Assignment: From the first line to the last, retype the records exactly and skip the pictures.

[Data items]
★ ★ ★ ★
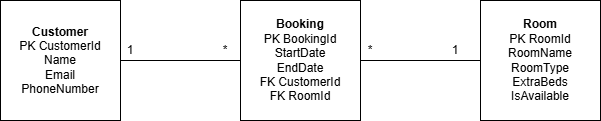

The diagram above was exported from draw.io. Its source (the exported page's mxGraphModel, read from the mxfile embedded in the PNG):
<mxGraphModel dx="273" dy="618" grid="1" gridSize="10" guides="1" tooltips="1" connect="1" arrows="1" fold="1" page="1" pageScale="1" pageWidth="827" pageHeight="1169" math="0" shadow="0">
  <root>
    <mxCell id="0" />
    <mxCell id="1" parent="0" />
    <mxCell id="HVyD-g_8CEEA0hHhyMXG-4" edge="1" parent="1" source="HVyD-g_8CEEA0hHhyMXG-1" style="rounded=0;orthogonalLoop=1;jettySize=auto;html=1;exitX=1;exitY=0.5;exitDx=0;exitDy=0;endArrow=none;endFill=0;" target="HVyD-g_8CEEA0hHhyMXG-2">
      <mxGeometry relative="1" as="geometry" />
    </mxCell>
    <mxCell id="HVyD-g_8CEEA0hHhyMXG-1" parent="1" style="whiteSpace=wrap;html=1;aspect=fixed;" value="&lt;b&gt;Customer&lt;/b&gt;&lt;div&gt;&lt;div&gt;PK CustomerId&lt;/div&gt;&lt;div&gt;Name&lt;/div&gt;&lt;div&gt;Email&lt;/div&gt;&lt;div&gt;PhoneNumber&lt;/div&gt;&lt;/div&gt;" vertex="1">
      <mxGeometry height="120" width="120" x="40" y="240" as="geometry" />
    </mxCell>
    <mxCell id="HVyD-g_8CEEA0hHhyMXG-2" parent="1" style="whiteSpace=wrap;html=1;aspect=fixed;" value="&lt;b&gt;Booking&lt;/b&gt;&lt;div&gt;&lt;div style=&quot;&quot;&gt;PK BookingId&lt;/div&gt;&lt;div style=&quot;&quot;&gt;StartDate&lt;/div&gt;&lt;div style=&quot;&quot;&gt;EndDate&lt;/div&gt;&lt;div style=&quot;&quot;&gt;FK CustomerId&lt;/div&gt;&lt;div style=&quot;&quot;&gt;FK RoomId&lt;/div&gt;&lt;/div&gt;" vertex="1">
      <mxGeometry height="120" width="120" x="280" y="240" as="geometry" />
    </mxCell>
    <mxCell id="HVyD-g_8CEEA0hHhyMXG-7" edge="1" parent="1" source="HVyD-g_8CEEA0hHhyMXG-3" style="edgeStyle=orthogonalEdgeStyle;rounded=0;orthogonalLoop=1;jettySize=auto;html=1;entryX=1;entryY=0.5;entryDx=0;entryDy=0;endArrow=none;endFill=0;" target="HVyD-g_8CEEA0hHhyMXG-2">
      <mxGeometry relative="1" as="geometry" />
    </mxCell>
    <mxCell id="HVyD-g_8CEEA0hHhyMXG-3" parent="1" style="whiteSpace=wrap;html=1;aspect=fixed;" value="&lt;b&gt;Room&lt;/b&gt;&lt;div&gt;&lt;div style=&quot;&quot;&gt;PK RoomId&lt;/div&gt;&lt;div style=&quot;&quot;&gt;RoomName&lt;/div&gt;&lt;div style=&quot;&quot;&gt;RoomType&lt;/div&gt;&lt;div style=&quot;&quot;&gt;ExtraBeds&lt;/div&gt;&lt;div style=&quot;&quot;&gt;IsAvailable&lt;/div&gt;&lt;/div&gt;" vertex="1">
      <mxGeometry height="120" width="120" x="520" y="240" as="geometry" />
    </mxCell>
    <mxCell id="HVyD-g_8CEEA0hHhyMXG-5" parent="1" style="text;html=1;whiteSpace=wrap;strokeColor=none;fillColor=none;align=center;verticalAlign=middle;rounded=0;" value="1" vertex="1">
      <mxGeometry height="20" width="40" x="150" y="280" as="geometry" />
    </mxCell>
    <mxCell id="HVyD-g_8CEEA0hHhyMXG-6" parent="1" style="text;html=1;whiteSpace=wrap;strokeColor=none;fillColor=none;align=center;verticalAlign=middle;rounded=0;" value="*" vertex="1">
      <mxGeometry height="20" width="30" x="250" y="280" as="geometry" />
    </mxCell>
    <mxCell id="HVyD-g_8CEEA0hHhyMXG-8" parent="1" style="text;html=1;whiteSpace=wrap;strokeColor=none;fillColor=none;align=center;verticalAlign=middle;rounded=0;" value="1" vertex="1">
      <mxGeometry height="20" width="50" x="470" y="280" as="geometry" />
    </mxCell>
    <mxCell id="HVyD-g_8CEEA0hHhyMXG-9" parent="1" style="text;html=1;whiteSpace=wrap;strokeColor=none;fillColor=none;align=center;verticalAlign=middle;rounded=0;" value="*" vertex="1">
      <mxGeometry height="40" width="80" x="370" y="270" as="geometry" />
    </mxCell>
  </root>
</mxGraphModel>
★ ★ ★ ★
Answer space:
The diagram above was exported from draw.io. Its source (the exported page's mxGraphModel, read from the mxfile embedded in the PNG):
<mxGraphModel dx="273" dy="618" grid="1" gridSize="10" guides="1" tooltips="1" connect="1" arrows="1" fold="1" page="1" pageScale="1" pageWidth="827" pageHeight="1169" math="0" shadow="0">
  <root>
    <mxCell id="0" />
    <mxCell id="1" parent="0" />
    <mxCell id="HVyD-g_8CEEA0hHhyMXG-4" edge="1" parent="1" source="HVyD-g_8CEEA0hHhyMXG-1" style="rounded=0;orthogonalLoop=1;jettySize=auto;html=1;exitX=1;exitY=0.5;exitDx=0;exitDy=0;endArrow=none;endFill=0;" target="HVyD-g_8CEEA0hHhyMXG-2">
      <mxGeometry relative="1" as="geometry" />
    </mxCell>
    <mxCell id="HVyD-g_8CEEA0hHhyMXG-1" parent="1" style="whiteSpace=wrap;html=1;aspect=fixed;" value="&lt;b&gt;Customer&lt;/b&gt;&lt;div&gt;&lt;div&gt;PK CustomerId&lt;/div&gt;&lt;div&gt;Name&lt;/div&gt;&lt;div&gt;Email&lt;/div&gt;&lt;div&gt;PhoneNumber&lt;/div&gt;&lt;/div&gt;" vertex="1">
      <mxGeometry height="120" width="120" x="40" y="240" as="geometry" />
    </mxCell>
    <mxCell id="HVyD-g_8CEEA0hHhyMXG-2" parent="1" style="whiteSpace=wrap;html=1;aspect=fixed;" value="&lt;b&gt;Booking&lt;/b&gt;&lt;div&gt;&lt;div style=&quot;&quot;&gt;PK BookingId&lt;/div&gt;&lt;div style=&quot;&quot;&gt;StartDate&lt;/div&gt;&lt;div style=&quot;&quot;&gt;EndDate&lt;/div&gt;&lt;div style=&quot;&quot;&gt;FK CustomerId&lt;/div&gt;&lt;div style=&quot;&quot;&gt;FK RoomId&lt;/div&gt;&lt;/div&gt;" vertex="1">
      <mxGeometry height="120" width="120" x="280" y="240" as="geometry" />
    </mxCell>
    <mxCell id="HVyD-g_8CEEA0hHhyMXG-7" edge="1" parent="1" source="HVyD-g_8CEEA0hHhyMXG-3" style="edgeStyle=orthogonalEdgeStyle;rounded=0;orthogonalLoop=1;jettySize=auto;html=1;entryX=1;entryY=0.5;entryDx=0;entryDy=0;endArrow=none;endFill=0;" target="HVyD-g_8CEEA0hHhyMXG-2">
      <mxGeometry relative="1" as="geometry" />
    </mxCell>
    <mxCell id="HVyD-g_8CEEA0hHhyMXG-3" parent="1" style="whiteSpace=wrap;html=1;aspect=fixed;" value="&lt;b&gt;Room&lt;/b&gt;&lt;div&gt;&lt;div style=&quot;&quot;&gt;PK RoomId&lt;/div&gt;&lt;div style=&quot;&quot;&gt;RoomName&lt;/div&gt;&lt;div style=&quot;&quot;&gt;RoomType&lt;/div&gt;&lt;div style=&quot;&quot;&gt;ExtraBeds&lt;/div&gt;&lt;div style=&quot;&quot;&gt;IsAvailable&lt;/div&gt;&lt;/div&gt;" vertex="1">
      <mxGeometry height="120" width="120" x="520" y="240" as="geometry" />
    </mxCell>
    <mxCell id="HVyD-g_8CEEA0hHhyMXG-5" parent="1" style="text;html=1;whiteSpace=wrap;strokeColor=none;fillColor=none;align=center;verticalAlign=middle;rounded=0;" value="1" vertex="1">
      <mxGeometry height="20" width="40" x="150" y="280" as="geometry" />
    </mxCell>
    <mxCell id="HVyD-g_8CEEA0hHhyMXG-6" parent="1" style="text;html=1;whiteSpace=wrap;strokeColor=none;fillColor=none;align=center;verticalAlign=middle;rounded=0;" value="*" vertex="1">
      <mxGeometry height="20" width="30" x="250" y="280" as="geometry" />
    </mxCell>
    <mxCell id="HVyD-g_8CEEA0hHhyMXG-8" parent="1" style="text;html=1;whiteSpace=wrap;strokeColor=none;fillColor=none;align=center;verticalAlign=middle;rounded=0;" value="1" vertex="1">
      <mxGeometry height="20" width="50" x="470" y="280" as="geometry" />
    </mxCell>
    <mxCell id="HVyD-g_8CEEA0hHhyMXG-9" parent="1" style="text;html=1;whiteSpace=wrap;strokeColor=none;fillColor=none;align=center;verticalAlign=middle;rounded=0;" value="*" vertex="1">
      <mxGeometry height="40" width="80" x="370" y="270" as="geometry" />
    </mxCell>
  </root>
</mxGraphModel>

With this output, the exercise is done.